Geometry – Maximum Area of a Cyclic Polygon as a Regular Polygon

Question

My question: Let $n$ points $A_1, A_2,\ldots,A_n$ lie on given circle then show that $\operatorname{Area}(A_1A_2\cdots A_n)$ maximum when $A_1A_2\cdots A_n$ is an $n$-regular polygon.

Answer 1

Let's call the center of the circle $O$.

First, it's clear that none of the angles $\angle A_1OA_2$, $\angle A_2OA_3$,…,$\angle A_nOA_1$ should be greater than $\pi$. If they were, the polygon would be smaller then half of circle $O$. Obviously, this is not maximal.

Let's call $m\angle A_1OA_2=\theta_1$, $m\angle A_2OA_3=\theta_2$,…, $m\angle A_1OA_n=\theta_n$.
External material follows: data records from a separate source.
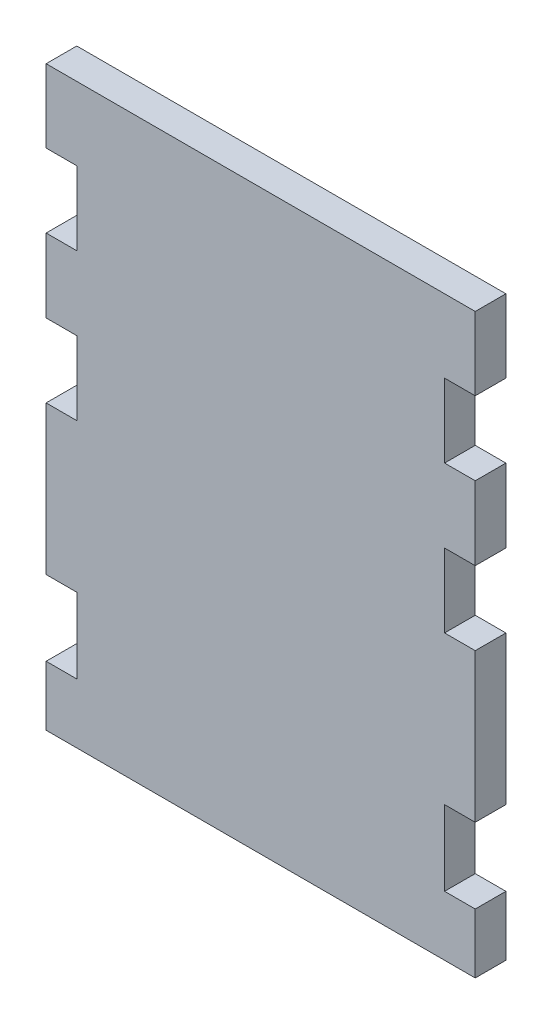
ISO-10303-21;
HEADER;
FILE_DESCRIPTION(('STEP AP214'),'2;1');
FILE_NAME('part.step','',(''),(''),'','','');
FILE_SCHEMA(('AUTOMOTIVE_DESIGN { 1 0 10303 214 1 1 1 1 }'));
ENDSEC;
DATA;
#1=APPLICATION_CONTEXT('core data for automotive mechanical design processes');
#2=APPLICATION_PROTOCOL_DEFINITION('international standard','automotive_design',2000,#1);
#3=PRODUCT_CONTEXT('',#1,'mechanical');
#4=PRODUCT('Part','Part','',(#3));
#5=PRODUCT_RELATED_PRODUCT_CATEGORY('part','',(#4));
#6=PRODUCT_DEFINITION_FORMATION('','',#4);
#7=PRODUCT_DEFINITION_CONTEXT('part definition',#1,'design');
#8=PRODUCT_DEFINITION('design','',#6,#7);
#9=PRODUCT_DEFINITION_SHAPE('','',#8);
#10=(LENGTH_UNIT() NAMED_UNIT(*) SI_UNIT(.MILLI.,.METRE.));
#11=(NAMED_UNIT(*) PLANE_ANGLE_UNIT() SI_UNIT($,.RADIAN.));
#12=(NAMED_UNIT(*) SI_UNIT($,.STERADIAN.) SOLID_ANGLE_UNIT());
#13=UNCERTAINTY_MEASURE_WITH_UNIT(LENGTH_MEASURE(1.E-05),#10,'distance_accuracy_value','');
#14=(GEOMETRIC_REPRESENTATION_CONTEXT(3) GLOBAL_UNCERTAINTY_ASSIGNED_CONTEXT((#13)) GLOBAL_UNIT_ASSIGNED_CONTEXT((#10,
#11,#12)) REPRESENTATION_CONTEXT('',''));
#15=CARTESIAN_POINT('',(0.,0.,0.));
#16=DIRECTION('',(0.,0.,1.));
#17=DIRECTION('',(1.,0.,0.));
#18=AXIS2_PLACEMENT_3D('',#15,#16,#17);
#19=CARTESIAN_POINT('',(0.,0.,3.));
#20=DIRECTION('',(1.,0.,0.));
#21=DIRECTION('',(0.,0.,-1.));
#22=AXIS2_PLACEMENT_3D('',#19,#20,#21);
#23=PLANE('',#22);
#24=DIRECTION('',(0.,-1.,0.));
#25=VECTOR('',#24,1.);
#26=CARTESIAN_POINT('',(0.,0.,0.));
#27=LINE('',#26,#25);
#28=CARTESIAN_POINT('',(0.,7.34818586641541,0.));
#29=VERTEX_POINT('',#28);
#30=CARTESIAN_POINT('',(0.,1.5,0.));
#31=VERTEX_POINT('',#30);
#32=EDGE_CURVE('E267',#29,#31,#27,.T.);
#33=ORIENTED_EDGE('',*,*,#32,.T.);
#34=DIRECTION('',(0.,0.,1.));
#35=VECTOR('',#34,1.);
#36=CARTESIAN_POINT('',(0.,1.5,0.));
#37=LINE('',#36,#35);
#38=CARTESIAN_POINT('',(0.,1.5,3.));
#39=VERTEX_POINT('',#38);
#40=EDGE_CURVE('E58',#31,#39,#37,.T.);
#41=ORIENTED_EDGE('',*,*,#40,.T.);
#42=DIRECTION('',(0.,-1.,0.));
#43=VECTOR('',#42,1.);
#44=CARTESIAN_POINT('',(0.,0.,3.));
#45=LINE('',#44,#43);
#46=CARTESIAN_POINT('',(0.,7.34818586641541,3.));
#47=VERTEX_POINT('',#46);
#48=EDGE_CURVE('E254',#47,#39,#45,.T.);
#49=ORIENTED_EDGE('',*,*,#48,.F.);
#50=DIRECTION('',(0.,0.,1.));
#51=VECTOR('',#50,1.);
#52=CARTESIAN_POINT('',(0.,7.34818586641541,0.));
#53=LINE('',#52,#51);
#54=EDGE_CURVE('E347',#29,#47,#53,.T.);
#55=ORIENTED_EDGE('',*,*,#54,.F.);
#56=EDGE_LOOP('',(#33,#41,#49,#55));
#57=FACE_BOUND('',#56,.T.);
#58=ADVANCED_FACE('F43',(#57),#23,.F.);
#59=CARTESIAN_POINT('',(0.,29.2481858590005,0.));
#60=VERTEX_POINT('',#59);
#61=CARTESIAN_POINT('',(0.,14.6981858664154,0.));
#62=VERTEX_POINT('',#61);
#63=EDGE_CURVE('E273',#60,#62,#27,.T.);
#64=ORIENTED_EDGE('',*,*,#63,.T.);
#65=DIRECTION('',(0.,0.,1.));
#66=VECTOR('',#65,1.);
#67=CARTESIAN_POINT('',(0.,14.6981858664154,0.));
#68=LINE('',#67,#66);
#69=CARTESIAN_POINT('',(0.,14.6981858664154,3.));
#70=VERTEX_POINT('',#69);
#71=EDGE_CURVE('E344',#62,#70,#68,.T.);
#72=ORIENTED_EDGE('',*,*,#71,.T.);
#73=CARTESIAN_POINT('',(0.,29.2481858590005,3.));
#74=VERTEX_POINT('',#73);
#75=EDGE_CURVE('E522',#74,#70,#45,.T.);
#76=ORIENTED_EDGE('',*,*,#75,.F.);
#77=DIRECTION('',(0.,0.,1.));
#78=VECTOR('',#77,1.);
#79=CARTESIAN_POINT('',(0.,29.2481858590005,0.));
#80=LINE('',#79,#78);
#81=EDGE_CURVE('E507',#60,#74,#80,.T.);
#82=ORIENTED_EDGE('',*,*,#81,.F.);
#83=EDGE_LOOP('',(#64,#72,#76,#82));
#84=FACE_BOUND('',#83,.T.);
#85=ADVANCED_FACE('F577',(#84),#23,.F.);
#86=CARTESIAN_POINT('',(0.,43.6481858518191,0.));
#87=VERTEX_POINT('',#86);
#88=CARTESIAN_POINT('',(0.,36.4481858554098,0.));
#89=VERTEX_POINT('',#88);
#90=EDGE_CURVE('E266',#87,#89,#27,.T.);
#91=ORIENTED_EDGE('',*,*,#90,.T.);
#92=DIRECTION('',(0.,0.,1.));
#93=VECTOR('',#92,1.);
#94=CARTESIAN_POINT('',(0.,36.4481858554098,0.));
#95=LINE('',#94,#93);
#96=CARTESIAN_POINT('',(0.,36.4481858554098,3.));
#97=VERTEX_POINT('',#96);
#98=EDGE_CURVE('E505',#89,#97,#95,.T.);
#99=ORIENTED_EDGE('',*,*,#98,.T.);
#100=CARTESIAN_POINT('',(0.,43.6481858518191,3.));
#101=VERTEX_POINT('',#100);
#102=EDGE_CURVE('E300',#101,#97,#45,.T.);
#103=ORIENTED_EDGE('',*,*,#102,.F.);
#104=DIRECTION('',(0.,0.,1.));
#105=VECTOR('',#104,1.);
#106=CARTESIAN_POINT('',(0.,43.6481858518191,0.));
#107=LINE('',#106,#105);
#108=EDGE_CURVE('E432',#87,#101,#107,.T.);
#109=ORIENTED_EDGE('',*,*,#108,.F.);
#110=EDGE_LOOP('',(#91,#99,#103,#109));
#111=FACE_BOUND('',#110,.T.);
#112=ADVANCED_FACE('F499',(#111),#23,.F.);
#113=CARTESIAN_POINT('',(42.,0.,3.));
#114=DIRECTION('',(-1.,0.,0.));
#115=DIRECTION('',(0.,0.,1.));
#116=AXIS2_PLACEMENT_3D('',#113,#114,#115);
#117=PLANE('',#116);
#118=DIRECTION('',(0.,1.,0.));
#119=VECTOR('',#118,1.);
#120=CARTESIAN_POINT('',(42.,0.,3.));
#121=LINE('',#120,#119);
#122=CARTESIAN_POINT('',(42.,36.4481858554098,3.));
#123=VERTEX_POINT('',#122);
#124=CARTESIAN_POINT('',(42.,43.6481858518191,3.));
#125=VERTEX_POINT('',#124);
#126=EDGE_CURVE('E465',#123,#125,#121,.T.);
#127=ORIENTED_EDGE('',*,*,#126,.F.);
#128=DIRECTION('',(0.,0.,1.));
#129=VECTOR('',#128,1.);
#130=CARTESIAN_POINT('',(42.,36.4481858554098,0.));
#131=LINE('',#130,#129);
#132=CARTESIAN_POINT('',(42.,36.4481858554098,0.));
#133=VERTEX_POINT('',#132);
#134=EDGE_CURVE('E378',#133,#123,#131,.T.);
#135=ORIENTED_EDGE('',*,*,#134,.F.);
#136=DIRECTION('',(0.,1.,0.));
#137=VECTOR('',#136,1.);
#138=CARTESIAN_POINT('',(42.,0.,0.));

The area of the polygon is: $$\frac{r^2}{2}\sum_{i=1}^n \sin\left(\theta_i\right)$$ Note that $\sin(x)$ is concave on $[0,\pi]$. From Jensen's inequality: $$\sin\left(\frac{1}{n}\sum_{i=1}^n \theta_i\right)\geq \frac{1}{n}\sum_{i=1}^n \sin\left(\theta_i\right)$$ We know that $\displaystyle \sum_{i=1}^n \theta_i=2\pi$ so we can deduce the following: $$n\sin\left(\frac{2\pi}{n}\right)\geq \sum_{i=1}^n \sin\left(\theta_i\right)$$

This means that: $$\frac{r^2}{2}\sum_{i=1}^n \sin\left(\theta_i\right)\leq \frac{nr^2}{2}\sin\left(\frac{2\pi}{n}\right)$$

This suggests that the area of the polygon is maximized when $\theta_1, \theta_2, \ldots, \theta_n = \displaystyle\frac{2\pi}{n}$.